Plinio Corrêa de Oliveira

A mensagem de Natal do Santo Padre Pio XII é um dos documentos mais importantes nos fastos da diplomacia pontifícia dos últimos cem anos.

Fixa ela a posição da Igreja num momento internacional particularmente conturbado e trágico. Fá-lo analisando com rara coragem os aspectos mais álgidos da luta entre o comunismo e a civilização, e traçando para a opinião católica um rumo claro e vigoroso. Dado que o Papa é seguido por 400 milhões de fiéis de todas as raças e latitudes, e dado ainda que mesmo fora da Igreja o ascendente moral de Pio XII se estende a muitas camadas de opinião, é compreensível que o lúcido e forte pronunciamento de Sua Santidade tenha constituído um acontecimento político de primeira plana, a influenciar fundamente o desenrolar dos fatos em 1957.

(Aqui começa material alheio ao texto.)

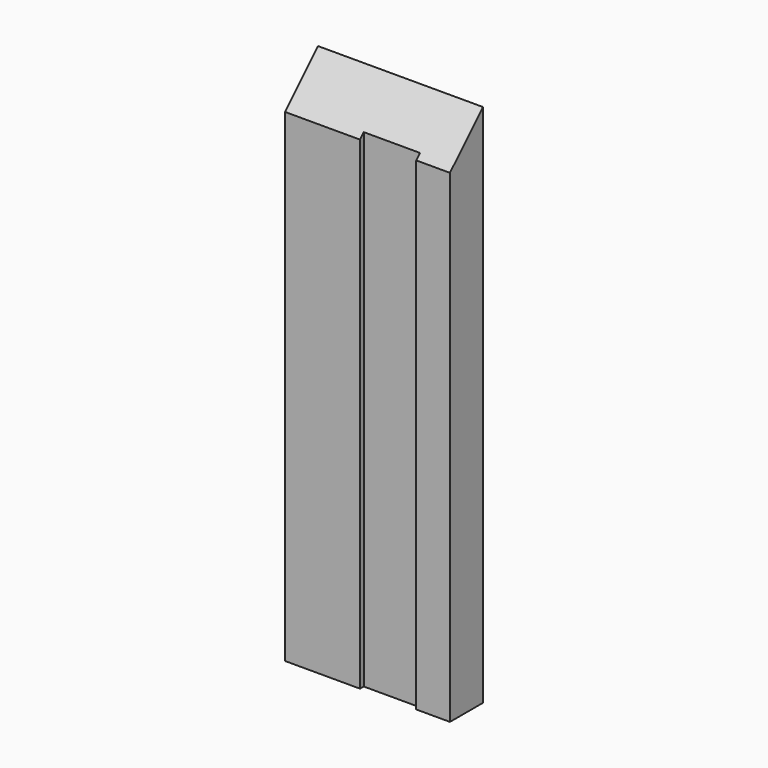
from build123d import *

# Parameters (mm, degrees)
F0_W     = 111.76
F0_H     = 27.94
F1_DEPTH = 355.6
F2_SIZE  = 27.93999
F3_W     = 38.1
F3_H     = 27.93999
F3_H_2   = 327.66001
F4_DEPTH = 3.175


# Not quite as in the source:
# - a fillet or chamfer is up to 0.001 mm smaller than in the source, because OpenCascade refuses the exact size


with BuildPart() as f1:
    # F0 (on Top) → F1 (new body)
    with BuildSketch(Plane.XY):
        with Locations((55.88, -13.97)):
            Rectangle(F0_W, F0_H)
    extrude(amount=F1_DEPTH)

    # F2 (size 27.94 in the source; OpenCascade refuses exactly that, so slightly less here)
    f2_edges = [f1.edges().sort_by_distance(p)[0] for p in [
        (55.88, -27.94, 355.6),
    ]]
    chamfer(f2_edges, length=F2_SIZE)

    # F3 (on face) → F4 (cut)
    with BuildSketch(Plane.XZ.offset(27.94)):
        with Locations((69.85, 341.630005)):
            Rectangle(F3_W, F3_H)
        with Locations((69.85, 163.830005)):
            Rectangle(F3_W, F3_H_2)
    extrude(amount=-F4_DEPTH, mode=Mode.SUBTRACT)


solid = f1.part
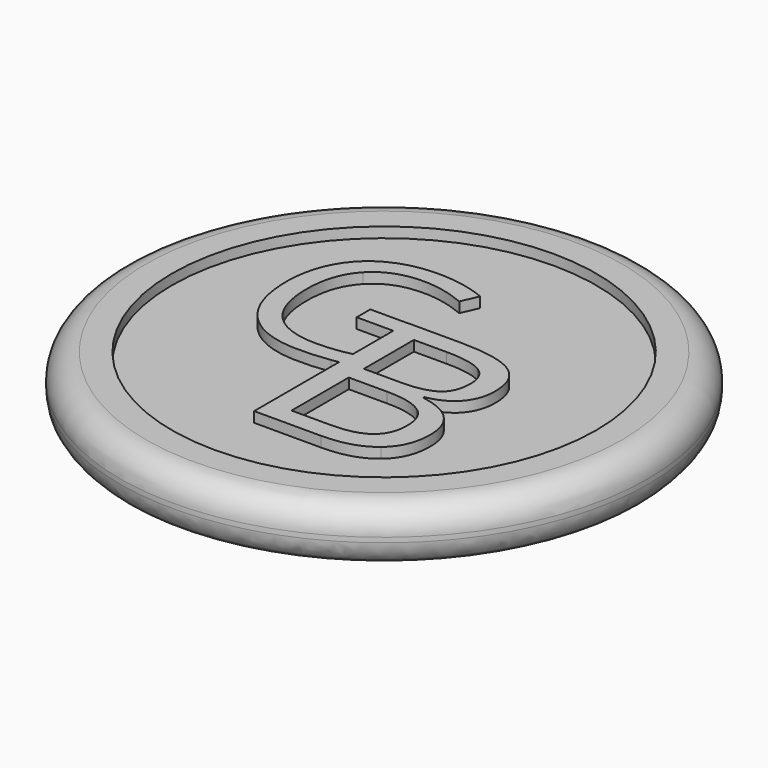
from build123d import *

# Parameters (mm, degrees)
F0_R         = 51
F1_DEPTH     = 10
F2_R         = 41
F3_DEPTH     = 2
F4_W         = 7.0717344974
F4_H         = 3.2909496187
F5_DEPTH     = 2
F6_R         = 5
F7_SIZE      = 2
F8_R         = 5
F9_TEXT_SIZE = 13.8888888889
F10_DEPTH    = 2


# Not quite as in the source:
# - Text() gives the source's letters only with a copy of the font that has no kerning and outlines rounded to 1/6400 em; it was checked with that copy


with BuildPart() as f1:
    # F0 (on Top) → F1 (new body)
    with BuildSketch(Plane.XY):
        Circle(F0_R)
    extrude(amount=F1_DEPTH)

    # F2 (on face) → F3 (cut)
    with BuildSketch(Plane.XY.offset(10)):
        Circle(F2_R)
    extrude(amount=-F3_DEPTH, mode=Mode.SUBTRACT)

    # F4 (on face) → F5 (join)
    with BuildSketch(Plane.XY.offset(8)):
        with Locations((-6.760397643, 7.8990585806)):
            Rectangle(F4_W, F4_H)
        with BuildLine():
            Line((-3.2245303943, 9.5817206029), (-3.2245303943, 9.54453339))
            Line((-3.2245303943, 9.54453339), (0.4634082828, 9.54453339))
            Line((0.4634082828, 9.54453339), (0.4634082828, -5.8501825107))
            add(Edge.make_bspline(
                [(0.4634082828, -5.8501825107), (-1.3587398994, -6.4324667783), (-3.2245303943, -6.8092684905)],
                knots=[0, 0, 0, 0.7245184394, 0.7245184394, 0.7245184394], degree=2))
            Line((-3.2245303943, -6.8092684905), (-3.2245303943, -27.3496636655))
            Line((-3.2245303943, -27.3496636655), (9.6598264724, -27.3496636655))
            add(Edge.make_bspline(
                [(19.0199803316, -24.5690998248), (15.6736040814, -27.3496636655), (9.6598264724, -27.3496636655)],
                knots=[0, 0, 0, 1, 1, 1], degree=2))
            add(Edge.make_bspline(
                [(22.3663565818, -16.8417189185), (22.3663565818, -21.788535984), (19.0199803316, -24.5690998248)],
                knots=[0, 0, 0, 1, 1, 1], degree=2))
            add(Edge.make_bspline(
                [(13.9519177498, -7.9988792622), (22.3663565818, -9.4376593891), (22.3663565818, -16.8417189185)],
                knots=[0, 0, 0, 1, 1, 1], degree=2))
            Line((13.9519177498, -7.9988792622), (13.9519177498, -7.7483051952))
            add(Edge.make_bspline(
                [(19.2988450191, -4.9839074233), (17.4680377228, -7.1178285104), (13.9519177498, -7.7483051952)],
                knots=[0, 0, 0, 1, 1, 1], degree=2))
            add(Edge.make_bspline(
                [(21.1296523154, 0.439808673), (21.1296523154, -2.8499863362), (19.2988450191, -4.9839074233)],
                knots=[0, 0, 0, 1, 1, 1], degree=2))
            add(Edge.make_bspline(
                [(17.8438988234, 7.3831352405), (21.1296523154, 5.184549878), (21.1296523154, 0.439808673)],
                knots=[0, 0, 0, 1, 1, 1], degree=2))
            add(Edge.make_bspline(
                [(7.2106670429, 9.5817206029), (14.5581453313, 9.5817206029), (17.8438988234, 7.3831352405)],
                knots=[0, 0, 0, 1, 1, 1], degree=2))
            Line((7.2106670429, 9.5817206029), (-3.2245303943, 9.5817206029))
        make_face()
        with BuildLine():
            Line((1.0675608831, -23.6880490729), (1.0675608831, -9.8660602134))
            Line((1.0675608831, -9.8660602134), (8.423122206, -9.8660602134))
            add(Edge.make_bspline(
                [(15.455362152, -11.4826670976), (13.1436143077, -9.8660602134), (8.423122206, -9.8660602134)],
                knots=[0, 0, 0, 1, 1, 1], degree=2))
            add(Edge.make_bspline(
                [(17.7671099964, -16.5345636105), (17.7671099964, -13.0992739817), (15.455362152, -11.4826670976)],
                knots=[0, 0, 0, 1, 1, 1], degree=2))
            add(Edge.make_bspline(
                [(15.5079018758, -21.9582797069), (17.7671099964, -20.2285103408), (17.7671099964, -16.5345636105)],
                knots=[0, 0, 0, 1, 1, 1], degree=2))
            add(Edge.make_bspline(
                [(8.7787757205, -23.6880490729), (13.2486937552, -23.6880490729), (15.5079018758, -21.9582797069)],
                knots=[0, 0, 0, 1, 1, 1], degree=2))
            Line((8.7787757205, -23.6880490729), (1.0675608831, -23.6880490729))
        make_face(mode=Mode.SUBTRACT)
        with BuildLine():
            Line((8.1402160013, -6.2286947241), (1.0675608831, -6.2286947241))
            Line((1.0675608831, -6.2286947241), (1.0675608831, 5.8635247694))
            Line((1.0675608831, 5.8635247694), (7.3884938001, 5.8635247694))
            add(Edge.make_bspline(
                [(14.4611489183, 4.4894089178), (12.2383144526, 5.8635247694), (7.3884938001, 5.8635247694)],
                knots=[0, 0, 0, 1, 1, 1], degree=2))
            add(Edge.make_bspline(
                [(16.683983384, 0.0033248143), (16.683983384, 3.1152930663), (14.4611489183, 4.4894089178)],
                knots=[0, 0, 0, 1, 1, 1], degree=2))
            add(Edge.make_bspline(
                [(14.6874738821, -4.8020391488), (16.683983384, -3.3753835736), (16.683983384, 0.0033248143)],
                knots=[0, 0, 0, 1, 1, 1], degree=2))
            add(Edge.make_bspline(
                [(8.1402160013, -6.2286947241), (12.6909643802, -6.2286947241), (14.6874738821, -4.8020391488)],
                knots=[0, 0, 0, 1, 1, 1], degree=2))
        make_face(mode=Mode.SUBTRACT)
        with BuildLine():
            Line((0.4634082828, 9.54453339), (-3.2245303943, 9.54453339))
            Line((-3.2245303943, 9.54453339), (-3.2245303943, 6.2535837713))
            Line((-3.2245303943, 6.2535837713), (-3.2224552902, 6.2535837713))
            Line((-3.2224552902, 6.2535837713), (-3.2224552902, -3.4876271002))
            add(Edge.make_bspline(
                [(-3.2245303943, -3.4881309013), (-3.2234928339, -3.4878790424), (-3.2224552902, -3.4876271002)],
                knots=[0.9996694169, 0.9996694169, 0.9996694169, 1, 1, 1], degree=2))
            Line((-3.2245303943, -3.4881309013), (-3.2245303943, -6.8092684905))
            add(Edge.make_bspline(
                [(0.4634082828, -5.8501825107), (-1.3587398994, -6.4324667783), (-3.2245303943, -6.8092684905)],
                knots=[0, 0, 0, 0.7245184394, 0.7245184394, 0.7245184394], degree=2))
            Line((0.4634082828, -5.8501825107), (0.4634082828, 9.54453339))
        make_face()
        with BuildLine():
            Line((-3.2224552902, 6.2535837713), (-3.2245303943, 6.2535837713))
            Line((-3.2245303943, 6.2535837713), (-3.2245303943, -3.4881309013))
            add(Edge.make_bspline(
                [(-3.2245303943, -3.4881309013), (-3.2234928339, -3.4878790424), (-3.2224552902, -3.4876271002)],
                knots=[0.9996694169, 0.9996694169, 0.9996694169, 1, 1, 1], degree=2))
            Line((-3.2224552902, -3.4876271002), (-3.2224552902, 6.2535837713))
        make_face()
        with BuildLine():
            Line((-3.2245303943, -6.8092684905), (-3.2245303943, -3.4881309013))
            add(Edge.make_bspline(
                [(-9.6519315979, -4.2497417487), (-6.3620699114, -4.2497417487), (-3.2245303943, -3.4881309013)],
                knots=[0, 0, 0, 0.9996694169, 0.9996694169, 0.9996694169], degree=2))
            add(Edge.make_bspline(
                [(-18.8423414279, -0.938007185), (-15.7142072114, -4.2497417487), (-9.6519315979, -4.2497417487)],
                knots=[0, 0, 0, 1, 1, 1], degree=2))
            add(Edge.make_bspline(
                [(-21.9704756445, 8.7824187415), (-21.9704756445, 2.3737273787), (-18.8423414279, -0.938007185)],
                knots=[0, 0, 0, 1, 1, 1], degree=2))
            add(Edge.make_bspline(
                [(-18.7210959157, 18.3331009508), (-21.9704756445, 14.8931925598), (-21.9704756445, 8.7824187415)],
                knots=[0, 0, 0, 1, 1, 1], degree=2))
            add(Edge.make_bspline(
                [(-9.6935014879, 21.7730093417), (-15.4717161869, 21.7730093417), (-18.7210959157, 18.3331009508)],
                knots=[0, 0, 0, 1, 1, 1], degree=2))
            add(Edge.make_bspline(
                [(-1.4418783386, 19.9577908152), (-5.7305053154, 21.7730093417), (-9.6935014879, 21.7730093417)],
                knots=[0, 0, 0, 1, 1, 1], degree=2))
            Line((-1.4418783386, 19.9577908152), (-0.0146454513, 23.207170544))
            add(Edge.make_bspline(
                [(-9.4579387783, 25.0639589604), (-4.386412208, 25.0639589604), (-0.0146454513, 23.207170544)],
                knots=[0, 0, 0, 1, 1, 1], degree=2))
            add(Edge.make_bspline(
                [(-18.1772231892, 23.1067099767), (-14.4532538838, 25.0639589604), (-9.4579387783, 25.0639589604)],
                knots=[0, 0, 0, 1, 1, 1], degree=2))
            add(Edge.make_bspline(
                [(-23.8826905809, 17.43588416), (-21.9011924946, 21.1494609929), (-18.1772231892, 23.1067099767)],
                knots=[0, 0, 0, 1, 1, 1], degree=2))
            add(Edge.make_bspline(
                [(-25.8641886671, 8.7824187415), (-25.8641886671, 13.722307327), (-23.8826905809, 17.43588416)],
                knots=[0, 0, 0, 1, 1, 1], degree=2))
            add(Edge.make_bspline(
                [(-21.8596226047, -3.2001020282), (-25.8641886671, 1.0781324761), (-25.8641886671, 8.7824187415)],
                knots=[0, 0, 0, 1, 1, 1], degree=2))
            add(Edge.make_bspline(
                [(-10.670393901, -7.4783365326), (-17.8550565423, -7.4783365326), (-21.8596226047, -3.2001020282)],
                knots=[0, 0, 0, 1, 1, 1], degree=2))
            add(Edge.make_bspline(
                [(-4.6496881775, -7.0661017909), (-7.2478062975, -7.4783365326), (-10.670393901, -7.4783365326)],
                knots=[0, 0, 0, 1, 1, 1], degree=2))
            add(Edge.make_bspline(
                [(-3.2245303943, -6.8092684905), (-3.9339545432, -6.9525387209), (-4.6496881775, -7.0661017909)],
                knots=[0.7245184394, 0.7245184394, 0.7245184394, 1, 1, 1], degree=2))
        make_face()
    extrude(amount=F5_DEPTH)

    # F6
    f6_edges = [f1.edges().sort_by_distance(p)[0] for p in [
        (-51, 0, 10),
    ]]
    fillet(f6_edges, radius=F6_R)

    # F7
    f7_edges = [f1.edges().sort_by_distance(p)[0] for p in [
        (-51, 0, 0),
    ]]
    chamfer(f7_edges, length=F7_SIZE)

    # F8
    f8_edges = [f1.edges().sort_by_distance(p)[0] for p in [
        (-51, 0, 2),
    ]]
    fillet(f8_edges, radius=F8_R)

    # F9 (on face) → F10 (cut)
    with BuildSketch(Plane(origin=(0, 0, 0), x_dir=(1, 0, 0), z_dir=(0, 0, -1))):
        with Locations(Location((45.7725694444, -4.541760566), (0, 0, 180))):
            Text('559-978-8206', F9_TEXT_SIZE, font='Open Sans', font_style=FontStyle.BOLD, text_align=(TextAlign.LEFT, TextAlign.BOTTOM))
        with Locations(Location((45.7725694444, 14.3471283229), (0, 0, 180))):
            Text('PDGA #77904', F9_TEXT_SIZE, font='Open Sans', font_style=FontStyle.BOLD, text_align=(TextAlign.LEFT, TextAlign.BOTTOM))
    extrude(amount=-F10_DEPTH, mode=Mode.SUBTRACT)


solid = f1.part

Ao lado destas repercussões políticas, cumpre ressaltar a importância doutrinária das palavras do Pontífice. Sobre o problema da liceidade da guerra preventiva, sobre o modo de entender a coexistência, sobre outros pontos ainda, Pio XII proporcionou aos ambientes intelectuais católicos ensinamentos altamente benfazejos para orientar seus estudos e sua ação.

Estes aspectos não bastam para dar uma idéia completa da relevância dessa alocução de Natal. Como Vigário de Jesus Cristo e Mestre universal dos povos, Sua Santidade acaba de fazer ao mundo uma advertência a um tempo afetuosa e solene. Na ordem da Providência, a exortação pontifícia vem acompanhada das graças necessárias para iluminar as inteligências e mover as vontades. Do bom ou mau uso das palavras do Papa, proferidas em circunstâncias tão dramáticas, Deus tirará consequências em relação aos homens, recompensando-os ou punindo-os. E é a respeito disto que sobretudo cumpre refletir.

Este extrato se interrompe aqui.